Top 5 stories: Week of Aug. 22-28
Here's a look at the most popular stories on IWCE's Urgent Communications from last week.
Here’s a look at the most popular stories on IWCE’s Urgent Communications from last week.
- “Rockwell Collins announces plans to offer nationwide disaster communications via HF radio” – Rockwell Collins announced plans for a nationwide high-frequency radio network, ARINC UrgentLink, which is designed to provide communications between public-safety and critical infrastructure bodies when typical communication infrastructure is inoperable due to natural or man-made disaster. Rockwell Collins has a pilot HF Radio network running at a large sheriff’s department currently, and the system will be available to other public-safety agencies within a year, said Dave Chapman, Rockwell Collins product manager.’

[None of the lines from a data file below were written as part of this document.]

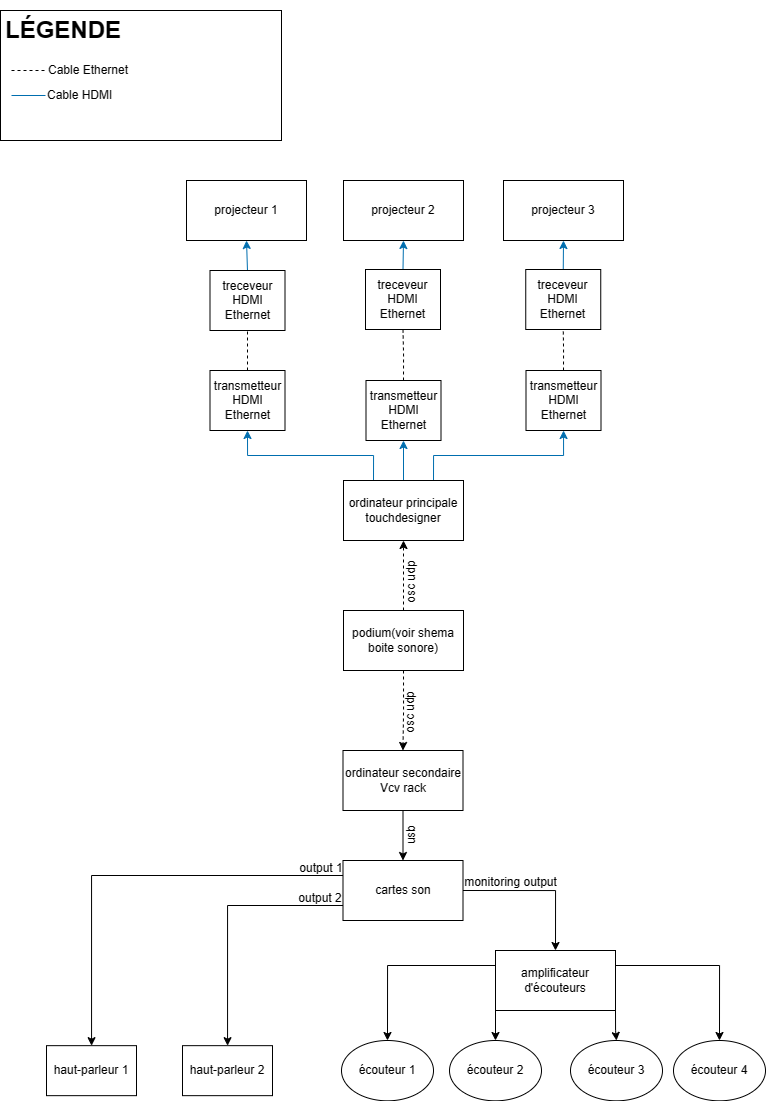

The diagram above was exported from draw.io. Its source (the exported page's mxGraphModel, read from the mxfile embedded in the PNG):
<mxGraphModel dx="1631" dy="933" grid="1" gridSize="10" guides="1" tooltips="1" connect="1" arrows="1" fold="1" page="1" pageScale="1" pageWidth="827" pageHeight="1169" math="0" shadow="0">
  <root>
    <mxCell id="0" />
    <mxCell id="1" parent="0" />
    <mxCell id="MozT76atLKKyUacTitfW-17" style="edgeStyle=orthogonalEdgeStyle;rounded=0;orthogonalLoop=1;jettySize=auto;html=1;exitX=0.25;exitY=0;exitDx=0;exitDy=0;entryX=0.5;entryY=1;entryDx=0;entryDy=0;fillColor=#1ba1e2;strokeColor=#006EAF;" parent="1" source="uYmo5zUABX4NK3p3v5p3-1" target="MozT76atLKKyUacTitfW-1" edge="1">
      <mxGeometry relative="1" as="geometry" />
    </mxCell>
    <mxCell id="MozT76atLKKyUacTitfW-18" style="edgeStyle=orthogonalEdgeStyle;rounded=0;orthogonalLoop=1;jettySize=auto;html=1;exitX=0.5;exitY=0;exitDx=0;exitDy=0;entryX=0.5;entryY=1;entryDx=0;entryDy=0;fillColor=#1ba1e2;strokeColor=#006EAF;" parent="1" source="uYmo5zUABX4NK3p3v5p3-1" target="MozT76atLKKyUacTitfW-15" edge="1">
      <mxGeometry relative="1" as="geometry" />
    </mxCell>
    <mxCell id="MozT76atLKKyUacTitfW-24" style="edgeStyle=orthogonalEdgeStyle;rounded=0;orthogonalLoop=1;jettySize=auto;html=1;exitX=0.75;exitY=0;exitDx=0;exitDy=0;fillColor=#1ba1e2;strokeColor=#006EAF;" parent="1" source="uYmo5zUABX4NK3p3v5p3-1" target="MozT76atLKKyUacTitfW-21" edge="1">
      <mxGeometry relative="1" as="geometry" />
    </mxCell>
    <mxCell id="uYmo5zUABX4NK3p3v5p3-1" value="ordinateur principale&lt;br&gt;touchdesigner" style="rounded=0;whiteSpace=wrap;html=1;" parent="1" vertex="1">
      <mxGeometry x="352" y="480" width="120" height="60" as="geometry" />
    </mxCell>
    <mxCell id="uYmo5zUABX4NK3p3v5p3-5" value="projecteur 3" style="whiteSpace=wrap;html=1;" parent="1" vertex="1">
      <mxGeometry x="512" y="180" width="120" height="60" as="geometry" />
    </mxCell>
    <mxCell id="uYmo5zUABX4NK3p3v5p3-6" value="projecteur 2" style="whiteSpace=wrap;html=1;" parent="1" vertex="1">
      <mxGeometry x="352" y="180" width="120" height="60" as="geometry" />
    </mxCell>
    <mxCell id="uYmo5zUABX4NK3p3v5p3-7" value="projecteur 1" style="whiteSpace=wrap;html=1;" parent="1" vertex="1">
      <mxGeometry x="195" y="180" width="120" height="60" as="geometry" />
    </mxCell>
    <mxCell id="sxL082O_FjxxHg7N35aW-9" style="edgeStyle=orthogonalEdgeStyle;rounded=0;orthogonalLoop=1;jettySize=auto;html=1;exitX=0;exitY=0.25;exitDx=0;exitDy=0;" edge="1" parent="1" source="uYmo5zUABX4NK3p3v5p3-12" target="uYmo5zUABX4NK3p3v5p3-15">
      <mxGeometry relative="1" as="geometry" />
    </mxCell>
    <mxCell id="sxL082O_FjxxHg7N35aW-10" style="edgeStyle=orthogonalEdgeStyle;rounded=0;orthogonalLoop=1;jettySize=auto;html=1;exitX=0;exitY=0.75;exitDx=0;exitDy=0;" edge="1" parent="1" source="uYmo5zUABX4NK3p3v5p3-12" target="uYmo5zUABX4NK3p3v5p3-17">
      <mxGeometry relative="1" as="geometry" />
    </mxCell>
    <mxCell id="sxL082O_FjxxHg7N35aW-13" style="edgeStyle=orthogonalEdgeStyle;rounded=0;orthogonalLoop=1;jettySize=auto;html=1;exitX=1;exitY=0.5;exitDx=0;exitDy=0;entryX=0.5;entryY=0;entryDx=0;entryDy=0;" edge="1" parent="1" source="uYmo5zUABX4NK3p3v5p3-12" target="sxL082O_FjxxHg7N35aW-1">
      <mxGeometry relative="1" as="geometry" />
    </mxCell>
    <mxCell id="uYmo5zUABX4NK3p3v5p3-12" value="cartes son" style="whiteSpace=wrap;html=1;" parent="1" vertex="1">
      <mxGeometry x="351.5" y="860" width="120" height="60" as="geometry" />
    </mxCell>
    <mxCell id="uYmo5zUABX4NK3p3v5p3-17" value="haut-parleur 2" style="whiteSpace=wrap;html=1;" parent="1" vertex="1">
      <mxGeometry x="191" y="1045.1599999999999" width="90" height="50" as="geometry" />
    </mxCell>
    <mxCell id="uYmo5zUABX4NK3p3v5p3-29" style="edgeStyle=orthogonalEdgeStyle;rounded=0;orthogonalLoop=1;jettySize=auto;html=1;exitX=0.5;exitY=0;exitDx=0;exitDy=0;entryX=0.5;entryY=1;entryDx=0;entryDy=0;dashed=1;" parent="1" source="uYmo5zUABX4NK3p3v5p3-28" target="uYmo5zUABX4NK3p3v5p3-1" edge="1">
      <mxGeometry relative="1" as="geometry" />
    </mxCell>
    <mxCell id="sxL082O_FjxxHg7N35aW-4" style="edgeStyle=orthogonalEdgeStyle;rounded=0;orthogonalLoop=1;jettySize=auto;html=1;exitX=0.5;exitY=1;exitDx=0;exitDy=0;dashed=1;" edge="1" parent="1" source="uYmo5zUABX4NK3p3v5p3-28" target="sxL082O_FjxxHg7N35aW-2">
      <mxGeometry relative="1" as="geometry" />
    </mxCell>
    <mxCell id="uYmo5zUABX4NK3p3v5p3-28" value="podium(voir shema boite sonore)" style="whiteSpace=wrap;html=1;" parent="1" vertex="1">
      <mxGeometry x="352" y="610" width="120" height="60" as="geometry" />
    </mxCell>
    <mxCell id="uYmo5zUABX4NK3p3v5p3-15" value="haut-parleur 1" style="whiteSpace=wrap;html=1;" parent="1" vertex="1">
      <mxGeometry x="55" y="1045.1599999999999" width="90" height="50" as="geometry" />
    </mxCell>
    <mxCell id="PJCy6xKrHzH89RpHI9R_-6" value="écouteur 1" style="ellipse;whiteSpace=wrap;html=1;" parent="1" vertex="1">
      <mxGeometry x="350" y="1040" width="92" height="60.33" as="geometry" />
    </mxCell>
    <mxCell id="PJCy6xKrHzH89RpHI9R_-8" value="écouteur 2" style="ellipse;whiteSpace=wrap;html=1;" parent="1" vertex="1">
      <mxGeometry x="458" y="1040" width="92" height="60.33" as="geometry" />
    </mxCell>
    <mxCell id="PJCy6xKrHzH89RpHI9R_-9" value="écouteur 3" style="ellipse;whiteSpace=wrap;html=1;" parent="1" vertex="1">
      <mxGeometry x="579" y="1040" width="92" height="60.33" as="geometry" />
    </mxCell>
    <mxCell id="PJCy6xKrHzH89RpHI9R_-10" value="écouteur 4" style="ellipse;whiteSpace=wrap;html=1;" parent="1" vertex="1">
      <mxGeometry x="682" y="1040" width="92" height="60.33" as="geometry" />
    </mxCell>
    <mxCell id="PJCy6xKrHzH89RpHI9R_-23" value="osc udp" style="text;html=1;strokeColor=none;fillColor=none;align=center;verticalAlign=middle;whiteSpace=wrap;rounded=0;rotation=-90;" parent="1" vertex="1">
      <mxGeometry x="379" y="566.5" width="80" height="30" as="geometry" />
    </mxCell>
    <mxCell id="MozT76atLKKyUacTitfW-13" style="edgeStyle=orthogonalEdgeStyle;rounded=0;orthogonalLoop=1;jettySize=auto;html=1;exitX=0.5;exitY=0;exitDx=0;exitDy=0;entryX=0.5;entryY=1;entryDx=0;entryDy=0;dashed=1;endArrow=none;endFill=0;" parent="1" source="MozT76atLKKyUacTitfW-1" target="MozT76atLKKyUacTitfW-11" edge="1">
      <mxGeometry relative="1" as="geometry" />
    </mxCell>
    <mxCell id="MozT76atLKKyUacTitfW-1" value="transmetteur HDMI Ethernet" style="rounded=0;whiteSpace=wrap;html=1;" parent="1" vertex="1">
      <mxGeometry x="218.5" y="370" width="75" height="60" as="geometry" />
    </mxCell>
    <mxCell id="MozT76atLKKyUacTitfW-3" value="" style="rounded=0;whiteSpace=wrap;html=1;align=left;" parent="1" vertex="1">
      <mxGeometry x="9" y="10" width="281" height="130" as="geometry" />
    </mxCell>
    <mxCell id="MozT76atLKKyUacTitfW-4" value="&lt;h1&gt;LÉGENDE&lt;/h1&gt;&lt;p&gt;&lt;br&gt;&lt;/p&gt;" style="text;html=1;strokeColor=none;fillColor=none;spacing=5;spacingTop=-20;whiteSpace=wrap;overflow=hidden;rounded=0;" parent="1" vertex="1">
      <mxGeometry x="9" y="10" width="190" height="30" as="geometry" />
    </mxCell>
    <mxCell id="MozT76atLKKyUacTitfW-5" value="" style="endArrow=none;dashed=1;html=1;rounded=0;" parent="1" target="MozT76atLKKyUacTitfW-6" edge="1">
      <mxGeometry width="50" height="50" relative="1" as="geometry">
        <mxPoint x="20" y="70" as="sourcePoint" />
        <mxPoint x="50" y="70" as="targetPoint" />
      </mxGeometry>
    </mxCell>
    <mxCell id="MozT76atLKKyUacTitfW-6" value="Cable Ethernet" style="text;html=1;strokeColor=none;fillColor=none;align=center;verticalAlign=middle;whiteSpace=wrap;rounded=0;" parent="1" vertex="1">
      <mxGeometry x="54" y="55" width="86" height="30" as="geometry" />
    </mxCell>
    <mxCell id="MozT76atLKKyUacTitfW-8" value="" style="endArrow=none;html=1;rounded=0;fillColor=#1ba1e2;strokeColor=#006EAF;" parent="1" target="MozT76atLKKyUacTitfW-9" edge="1">
      <mxGeometry width="50" height="50" relative="1" as="geometry">
        <mxPoint x="20" y="95" as="sourcePoint" />
        <mxPoint x="50" y="95" as="targetPoint" />
      </mxGeometry>
    </mxCell>
    <mxCell id="MozT76atLKKyUacTitfW-9" value="Cable HDMI&amp;nbsp; &amp;nbsp; &amp;nbsp;" style="text;html=1;strokeColor=none;fillColor=none;align=center;verticalAlign=middle;whiteSpace=wrap;rounded=0;" parent="1" vertex="1">
      <mxGeometry x="54" y="80" width="86" height="30" as="geometry" />
    </mxCell>
    <mxCell id="MozT76atLKKyUacTitfW-12" style="edgeStyle=orthogonalEdgeStyle;rounded=0;orthogonalLoop=1;jettySize=auto;html=1;exitX=0.5;exitY=0;exitDx=0;exitDy=0;entryX=0.5;entryY=1;entryDx=0;entryDy=0;fillColor=#1ba1e2;strokeColor=#006EAF;" parent="1" source="MozT76atLKKyUacTitfW-11" target="uYmo5zUABX4NK3p3v5p3-7" edge="1">
      <mxGeometry relative="1" as="geometry" />
    </mxCell>
    <mxCell id="MozT76atLKKyUacTitfW-11" value="treceveur HDMI Ethernet" style="rounded=0;whiteSpace=wrap;html=1;" parent="1" vertex="1">
      <mxGeometry x="218.5" y="270" width="75" height="60" as="geometry" />
    </mxCell>
    <mxCell id="MozT76atLKKyUacTitfW-14" style="edgeStyle=orthogonalEdgeStyle;rounded=0;orthogonalLoop=1;jettySize=auto;html=1;exitX=0.5;exitY=0;exitDx=0;exitDy=0;entryX=0.5;entryY=1;entryDx=0;entryDy=0;dashed=1;endArrow=none;endFill=0;" parent="1" source="MozT76atLKKyUacTitfW-15" target="MozT76atLKKyUacTitfW-16" edge="1">
      <mxGeometry relative="1" as="geometry" />
    </mxCell>
    <mxCell id="MozT76atLKKyUacTitfW-15" value="transmetteur HDMI Ethernet" style="rounded=0;whiteSpace=wrap;html=1;" parent="1" vertex="1">
      <mxGeometry x="374.5" y="380" width="75" height="60" as="geometry" />
    </mxCell>
    <mxCell id="MozT76atLKKyUacTitfW-19" style="edgeStyle=orthogonalEdgeStyle;rounded=0;orthogonalLoop=1;jettySize=auto;html=1;exitX=0.5;exitY=0;exitDx=0;exitDy=0;entryX=0.5;entryY=1;entryDx=0;entryDy=0;fillColor=#1ba1e2;strokeColor=#006EAF;" parent="1" source="MozT76atLKKyUacTitfW-16" target="uYmo5zUABX4NK3p3v5p3-6" edge="1">
      <mxGeometry relative="1" as="geometry" />
    </mxCell>
    <mxCell id="MozT76atLKKyUacTitfW-16" value="treceveur HDMI Ethernet" style="rounded=0;whiteSpace=wrap;html=1;" parent="1" vertex="1">
      <mxGeometry x="374" y="269" width="75" height="60" as="geometry" />
    </mxCell>
    <mxCell id="MozT76atLKKyUacTitfW-20" style="edgeStyle=orthogonalEdgeStyle;rounded=0;orthogonalLoop=1;jettySize=auto;html=1;exitX=0.5;exitY=0;exitDx=0;exitDy=0;entryX=0.5;entryY=1;entryDx=0;entryDy=0;dashed=1;endArrow=none;endFill=0;" parent="1" source="MozT76atLKKyUacTitfW-21" target="MozT76atLKKyUacTitfW-22" edge="1">
      <mxGeometry relative="1" as="geometry" />
    </mxCell>
    <mxCell id="MozT76atLKKyUacTitfW-21" value="transmetteur HDMI Ethernet" style="rounded=0;whiteSpace=wrap;html=1;" parent="1" vertex="1">
      <mxGeometry x="534.5" y="370" width="75" height="60" as="geometry" />
    </mxCell>
    <mxCell id="MozT76atLKKyUacTitfW-23" style="edgeStyle=orthogonalEdgeStyle;rounded=0;orthogonalLoop=1;jettySize=auto;html=1;exitX=0.5;exitY=0;exitDx=0;exitDy=0;entryX=0.5;entryY=1;entryDx=0;entryDy=0;fillColor=#1ba1e2;strokeColor=#006EAF;" parent="1" source="MozT76atLKKyUacTitfW-22" target="uYmo5zUABX4NK3p3v5p3-5" edge="1">
      <mxGeometry relative="1" as="geometry" />
    </mxCell>
    <mxCell id="MozT76atLKKyUacTitfW-22" value="treceveur HDMI Ethernet" style="rounded=0;whiteSpace=wrap;html=1;" parent="1" vertex="1">
      <mxGeometry x="534.25" y="269" width="75" height="60" as="geometry" />
    </mxCell>
    <mxCell id="sxL082O_FjxxHg7N35aW-15" style="edgeStyle=orthogonalEdgeStyle;rounded=0;orthogonalLoop=1;jettySize=auto;html=1;exitX=0;exitY=0.25;exitDx=0;exitDy=0;" edge="1" parent="1" source="sxL082O_FjxxHg7N35aW-1" target="PJCy6xKrHzH89RpHI9R_-6">
      <mxGeometry relative="1" as="geometry" />
    </mxCell>
    <mxCell id="sxL082O_FjxxHg7N35aW-17" style="edgeStyle=orthogonalEdgeStyle;rounded=0;orthogonalLoop=1;jettySize=auto;html=1;exitX=0;exitY=1;exitDx=0;exitDy=0;entryX=0.5;entryY=0;entryDx=0;entryDy=0;" edge="1" parent="1" source="sxL082O_FjxxHg7N35aW-1" target="PJCy6xKrHzH89RpHI9R_-8">
      <mxGeometry relative="1" as="geometry" />
    </mxCell>
    <mxCell id="sxL082O_FjxxHg7N35aW-18" style="edgeStyle=orthogonalEdgeStyle;rounded=0;orthogonalLoop=1;jettySize=auto;html=1;exitX=1;exitY=1;exitDx=0;exitDy=0;" edge="1" parent="1" source="sxL082O_FjxxHg7N35aW-1" target="PJCy6xKrHzH89RpHI9R_-9">
      <mxGeometry relative="1" as="geometry" />
    </mxCell>
    <mxCell id="sxL082O_FjxxHg7N35aW-19" style="edgeStyle=orthogonalEdgeStyle;rounded=0;orthogonalLoop=1;jettySize=auto;html=1;exitX=1;exitY=0.25;exitDx=0;exitDy=0;entryX=0.5;entryY=0;entryDx=0;entryDy=0;" edge="1" parent="1" source="sxL082O_FjxxHg7N35aW-1" target="PJCy6xKrHzH89RpHI9R_-10">
      <mxGeometry relative="1" as="geometry" />
    </mxCell>
    <mxCell id="sxL082O_FjxxHg7N35aW-1" value="amplificateur d'écouteurs" style="whiteSpace=wrap;html=1;" vertex="1" parent="1">
      <mxGeometry x="504" y="950" width="120" height="60" as="geometry" />
    </mxCell>
    <mxCell id="sxL082O_FjxxHg7N35aW-7" style="edgeStyle=orthogonalEdgeStyle;rounded=0;orthogonalLoop=1;jettySize=auto;html=1;exitX=0.5;exitY=1;exitDx=0;exitDy=0;" edge="1" parent="1" source="sxL082O_FjxxHg7N35aW-2" target="uYmo5zUABX4NK3p3v5p3-12">
      <mxGeometry relative="1" as="geometry" />
    </mxCell>
    <mxCell id="sxL082O_FjxxHg7N35aW-2" value="ordinateur secondaire&lt;br&gt;Vcv rack" style="whiteSpace=wrap;html=1;" vertex="1" parent="1">
      <mxGeometry x="351.5" y="750" width="120" height="60" as="geometry" />
    </mxCell>
    <mxCell id="sxL082O_FjxxHg7N35aW-5" value="osc udp" style="text;html=1;strokeColor=none;fillColor=none;align=center;verticalAlign=middle;whiteSpace=wrap;rounded=0;rotation=-90;" vertex="1" parent="1">
      <mxGeometry x="379" y="697" width="80" height="30" as="geometry" />
    </mxCell>
    <mxCell id="sxL082O_FjxxHg7N35aW-8" value="usb" style="text;html=1;strokeColor=none;fillColor=none;align=center;verticalAlign=middle;whiteSpace=wrap;rounded=0;rotation=-90;" vertex="1" parent="1">
      <mxGeometry x="389.5" y="820" width="60" height="30" as="geometry" />
    </mxCell>
    <mxCell id="sxL082O_FjxxHg7N35aW-11" value="output 1" style="text;html=1;strokeColor=none;fillColor=none;align=center;verticalAlign=middle;whiteSpace=wrap;rounded=0;" vertex="1" parent="1">
      <mxGeometry x="300" y="853" width="60" height="30" as="geometry" />
    </mxCell>
    <mxCell id="sxL082O_FjxxHg7N35aW-12" value="output 2" style="text;html=1;strokeColor=none;fillColor=none;align=center;verticalAlign=middle;whiteSpace=wrap;rounded=0;" vertex="1" parent="1">
      <mxGeometry x="299" y="883" width="60" height="30" as="geometry" />
    </mxCell>
    <mxCell id="sxL082O_FjxxHg7N35aW-14" value="monitoring output" style="text;html=1;align=center;verticalAlign=middle;resizable=0;points=[];autosize=1;strokeColor=none;fillColor=none;" vertex="1" parent="1">
      <mxGeometry x="459" y="867" width="120" height="30" as="geometry" />
    </mxCell>
  </root>
</mxGraphModel>

- “Cybersecurity could be the biggest challenge for FirstNet, next-gen 911” – IWCE’s Urgent Communications Editor Donny Jackson details the various developments in next-generation 911 and warns of the potential challenges those advances can pose to cybersecurity as FirstNet moves forward with its national broadband network. With the technologies all being based on IP standards, the ongoing concern is cybersecurity. Jackson writes, “These characteristics allow the technologies to provide users with unprecedented interoperability and access to myriad databases at a fraction of the cost of legacy hardware-based communications systems, which is a great thing. It also means that bad software code can cause the system to malfunction or for data to be compromised.”
- “Prince George’s County, Md., partners with Motorola Solutions on NG911-ready communications center, construction of new public-safety complex” – A county once labeled as the “donut hole” in emergency communications interoperability in the Washington, D.C. region now houses a state-of-the-art facility equipped with Motorola’s 700 MHz, P25 radio system, a call center with 63 dispatch stations and a designated training room for future emergency dispatchers. Prince George’s County, Md., partnered with Motorola on the construction of the Prince George’s County Public Safety Communications Center. The technology company and county officials will also open a public-safety complex encompassing a 911 backup center, emergency management and emergency-operations center in the fall.
- “FirstNet plans to release cybersecurity information this fall, Kennedy says”– FirstNet will release its cybersecurity strategy by the fall, FirstNet President TJ Kennedy said during a panel discussion at the APCO 2015 show. The topic of cybersecurity was a major focal point of FirstNet’s Industry Day event. “We need to make sure that we think about human factors in the public-safety environment and making sure that cybersecurity is very, very usable,” Kennedy said. “In my days as a state trooper, I can’t imagine being in a highway-patrol Mustang and trying to worry about 12-digit, upper-case/lower-case, special-character password. We can’t do that. We need to make sure that we’re leveraging authentication and data access management in a public-safety environment, where folks like firefighters who wear gloves can do their job, where paramedics who are wearing gloves can do their job, where police officers who need to execute what they’re doing while driving a vehicle can do their job.”
- “FCC Chairman Wheeler says Congress should help fund next-gen 911 rollout, mapping and cybersecurity resources” – FCC Chairman Tom Wheeler described the adoption of next-generation 911 (NG911) as “too slow and too raged” during an address delivered during the APCO 2015 show. Wheeler applauded APCO and other local and state officials for their efforts to comply with FCC’s standards and transition from legacy 911 to NG911, but, he said, there is much more work to be done. Wheeler opined that Congress should develop legislation to amend 20-year-old 911 laws “in a way that reflects the changing realities on the ground.” In addition to legislation, Congress’ laws should put a stop to the practice of states using appropriated 911 funds for other general fund shortfalls, Wheeler said.